Deep Learning Closure of the Navier-Stokes Equations for Transition-Continuum Flows

The predictive accuracy of the Navier-Stokes equations is known to degrade at the limits of the continuum assumption, thereby necessitating expensive and often highly approximate solutions to the Boltzmann equation. While tractable in one spatial dimension, their high dimensionality makes multi-dimensional Boltzmann calculations impractical for all but canonical configurations. It is therefore desirable to augment the Navier-Stokes equations in these regimes. We present an application of a deep learning method to extend the validity of the Navier-Stokes equations to the transition-continuum flows.

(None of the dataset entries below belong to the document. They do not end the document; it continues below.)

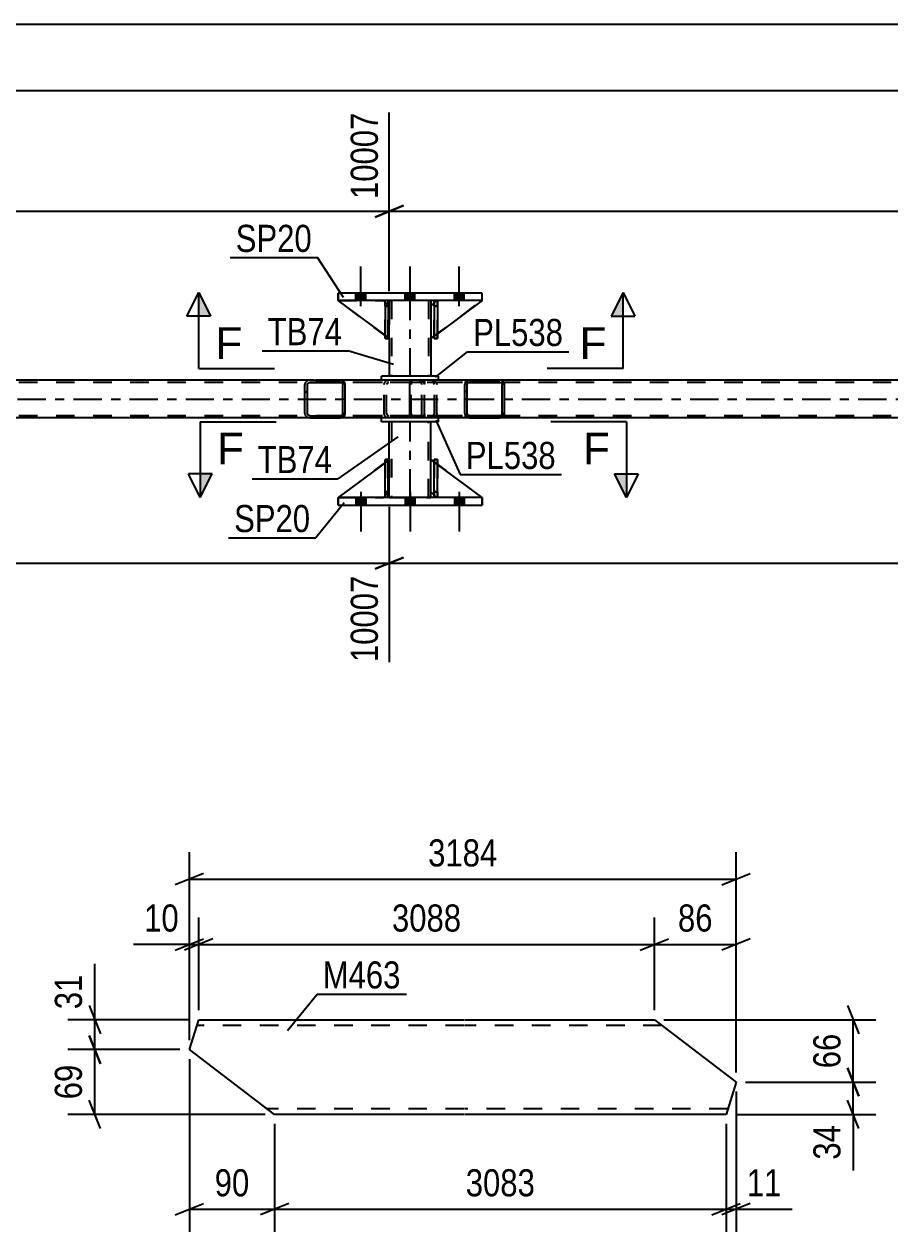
# Model space of a CAD drawing. Header units: millimetres. Extents: x 0 to 841, y 0 to 594.
# Drawn here: x 467.6 to 559, y 124.5 to 252.1 of the extents above; entities that cross this region are included whole.
import ezdxf

# ---------------------------------------------------------------- set-up
doc = ezdxf.new("R2010")
doc.units = ezdxf.units.MM
doc.linetypes.add('DXK_LINE_DOT2', pattern=[3.9198, 1.9599, -1.9599])
doc.linetypes.add('DXK_LINE_DOT3', pattern=[5.9187, 2.979, -0.9799, 0.9799, -0.9799])
doc.styles.add('Arial', font='ARIAL.TTF', dxfattribs={"height": 0.2})
doc.styles.add('Arial Narrow', font='ARIALN.TTF', dxfattribs={"height": 0.2})

# ---------------------------------------------------------------- blocks, each defined once
blk = doc.blocks.new('Part-122615341-2586 - 2515')
at = {"color": 2, "linetype": 'Continuous'}
for p, q in [((510.94, 222.61), (510.58, 222.25)), ((510.58, 222.25), (510.58, 218.85)), ((515.98, 222.85), (511.26, 219.35)), ((510.94, 219.11), (510.58, 218.85))]:
    blk.add_line(p, q, dxfattribs=at)
at = {"color": 7, "linetype": 'DXK_LINE_DOT2'}
for p, q in [((511.18, 222.85), (510.94, 222.61)), ((515.98, 222.85), (511.18, 222.85)), ((511.26, 219.35), (510.94, 219.11))]:
    blk.add_line(p, q, dxfattribs=at)
blk = doc.blocks.new('Bolt-122615341-2527 - 2515')
at = {"linetype": 'Continuous'}
for points in [[(502.66, 222.85), (503.7, 222.85), (503.7, 223.65), (502.66, 223.65)], [(502.66, 222.85), (503.7, 222.85), (503.7, 223.65), (502.66, 223.65)], [(502.66, 222.85), (503.7, 222.85), (503.7, 223.65), (502.66, 223.65)], [(507.86, 222.85), (508.9, 222.85), (508.9, 223.65), (507.86, 223.65)], [(507.86, 222.85), (508.9, 222.85), (508.9, 223.65), (507.86, 223.65)], [(513.06, 222.85), (514.1, 222.85), (514.1, 223.65), (513.06, 223.65)], [(513.06, 222.85), (514.1, 222.85), (514.1, 223.65), (513.06, 223.65)], [(513.06, 222.85), (514.1, 222.85), (514.1, 223.65), (513.06, 223.65)]]:
    blk.add_hatch(color=1, dxfattribs=at).paths.add_polyline_path(points)
at = {"color": 1, "linetype": 'Continuous'}
for p, q in [((503.18, 222.25), (503.18, 226.45)), ((503.18, 222.25), (503.18, 226.45)), ((503.18, 222.25), (503.18, 226.45)), ((508.38, 222.25), (508.38, 226.45)), ((508.38, 222.25), (508.38, 226.45)), ((513.58, 222.25), (513.58, 226.45)), ((513.58, 222.25), (513.58, 226.45)), ((513.58, 222.25), (513.58, 226.45)), ((502.66, 222.85), (502.66, 223.65)), ((502.66, 222.85), (502.66, 223.65)), ((502.66, 222.85), (502.66, 223.65)), ((503.7, 222.85), (503.7, 223.65)), ((503.7, 222.85), (503.7, 223.65)), ((503.7, 222.85), (503.7, 223.65)), ((507.86, 222.85), (507.86, 223.65)), ((507.86, 222.85), (507.86, 223.65)), ((508.9, 222.85), (508.9, 223.65)), ((508.9, 222.85), (508.9, 223.65)), ((513.06, 222.85), (513.06, 223.65)), ((513.06, 222.85), (513.06, 223.65)), ((513.06, 222.85), (513.06, 223.65)), ((514.1, 222.85), (514.1, 223.65)), ((514.1, 222.85), (514.1, 223.65)), ((514.1, 222.85), (514.1, 223.65))]:
    blk.add_line(p, q, dxfattribs=at)
blk = doc.blocks.new('Part-122615341-2609 - 2515')
at = {"color": 2, "linetype": 'Continuous'}
for p, q in [((506.06, 222.85), (505.74, 222.85)), ((505.74, 222.85), (505.74, 218.85)), ((506.06, 222.85), (506.06, 222.85)), ((506.06, 222.85), (506.06, 218.85)), ((506.06, 218.85), (505.74, 218.85))]:
    blk.add_line(p, q, dxfattribs=at)
at = {"color": 7, "linetype": 'DXK_LINE_DOT2'}
for p, q in [((505.74, 222.25), (505.74, 222.85)), ((506.06, 222.25), (505.74, 222.25)), ((505.74, 222.25), (505.74, 218.85)), ((506.06, 222.25), (506.06, 222.85)), ((506.06, 222.85), (506.06, 222.85)), ((506.06, 218.85), (506.06, 222.25))]:
    blk.add_line(p, q, dxfattribs=at)
blk = doc.blocks.new('Part-122615341-2546 - 2515')
at = {"color": 7, "linetype": 'DXK_LINE_DOT2'}
for p, q in [((774.78, 214.45), (327.41, 214.45)), ((517.85, 214.45), (497.79, 214.45)), ((774.78, 214.21), (105.89, 214.21)), ((774.78, 210.69), (105.89, 210.69)), ((517.85, 210.45), (497.79, 210.45))]:
    blk.add_line(p, q, dxfattribs=at)
at = {"color": 2, "linetype": 'Continuous'}
for p, q in [((497.79, 214.45), (432.6, 214.45)), ((582.81, 214.45), (517.85, 214.45)), ((497.79, 210.45), (432.6, 210.45)), ((582.81, 210.45), (517.85, 210.45))]:
    blk.add_line(p, q, dxfattribs=at)
at = {"color": 7, "linetype": 'DXK_LINE_DOT3'}
blk.add_line((105.89, 212.45), (774.78, 212.45), dxfattribs=at)
blk = doc.blocks.new('Part-122615341-2548 - 2515')
at = {"linetype": 'Continuous'}
h = blk.add_hatch(dxfattribs=at)
h.set_pattern_fill('', scale=0.7, style=0, pattern_type=0)
h.set_pattern_definition([(45, (501.4995, 214.1553), (-1.57154, 1.57154), [])])
h.paths.add_polyline_path([(501.54, 213.97), (501.5, 214.16), (501.39, 214.31), (501.22, 214.42), (501.03, 214.45), (497.79, 214.45), (497.6, 214.42), (497.43, 214.31), (497.32, 214.16), (497.28, 213.97), (497.28, 210.93), (497.32, 210.75), (497.43, 210.59), (497.6, 210.49), (497.79, 210.45), (501.03, 210.45), (501.22, 210.49), (501.39, 210.59), (501.5, 210.75), (501.54, 210.93)])
h.paths.add_polyline_path([(501.26, 210.84), (501.21, 210.76), (501.13, 210.71), (501.03, 210.69), (497.79, 210.69), (497.69, 210.71), (497.61, 210.76), (497.56, 210.84), (497.54, 210.93), (497.54, 213.97), (497.56, 214.06), (497.61, 214.14), (497.69, 214.19), (497.79, 214.21), (501.03, 214.21), (501.13, 214.19), (501.21, 214.14), (501.26, 214.06), (501.28, 213.97), (501.28, 210.93)])
at = {"color": 2, "linetype": 'Continuous'}
for p, q in [((497.79, 214.45), (497.6, 214.42)), ((497.79, 214.45), (501.03, 214.45)), ((508.61, 214.45), (501.03, 214.45)), ((501.22, 214.42), (501.03, 214.45)), ((497.32, 214.16), (497.28, 213.97)), ((497.28, 210.93), (497.28, 213.97)), ((497.54, 213.97), (497.56, 214.06)), ((497.54, 210.93), (497.54, 213.97)), ((497.56, 214.06), (497.61, 214.14)), ((497.61, 214.14), (497.69, 214.19)), ((497.69, 214.19), (497.79, 214.21)), ((497.79, 214.21), (501.03, 214.21)), ((501.03, 214.21), (501.13, 214.19)), ((501.13, 214.19), (501.21, 214.14)), ((501.21, 214.14), (501.26, 214.06)), ((501.26, 214.06), (501.28, 213.97)), ((501.28, 210.93), (501.28, 213.97)), ((501.54, 213.97), (501.5, 214.16)), ((501.54, 210.93), (501.54, 213.97)), ((497.28, 210.93), (497.32, 210.75)), ((497.56, 210.84), (497.54, 210.93)), ((497.61, 210.76), (497.56, 210.84)), ((497.69, 210.71), (497.61, 210.76)), ((497.79, 210.69), (497.69, 210.71)), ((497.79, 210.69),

The technique encodes the missing physics via a neural network, which is trained directly from Boltzmann solutions. While standard DL methods can be considered ad-hoc due to the absence of underlying physical laws, at least in the sense that the systems are not governed by known partial differential equations, the DL framework leverages the a-priori known Boltzmann physics while ensuring that the trained model is consistent with the Navier-Stokes equations. The online training procedure solves adjoint equations, constructed using algorithmic differentiation, which efficiently provide the gradient of the loss function with respect to the learnable parameters. The model is trained and applied to predict stationary, one-dimensional shock thickness in low-pressure argon.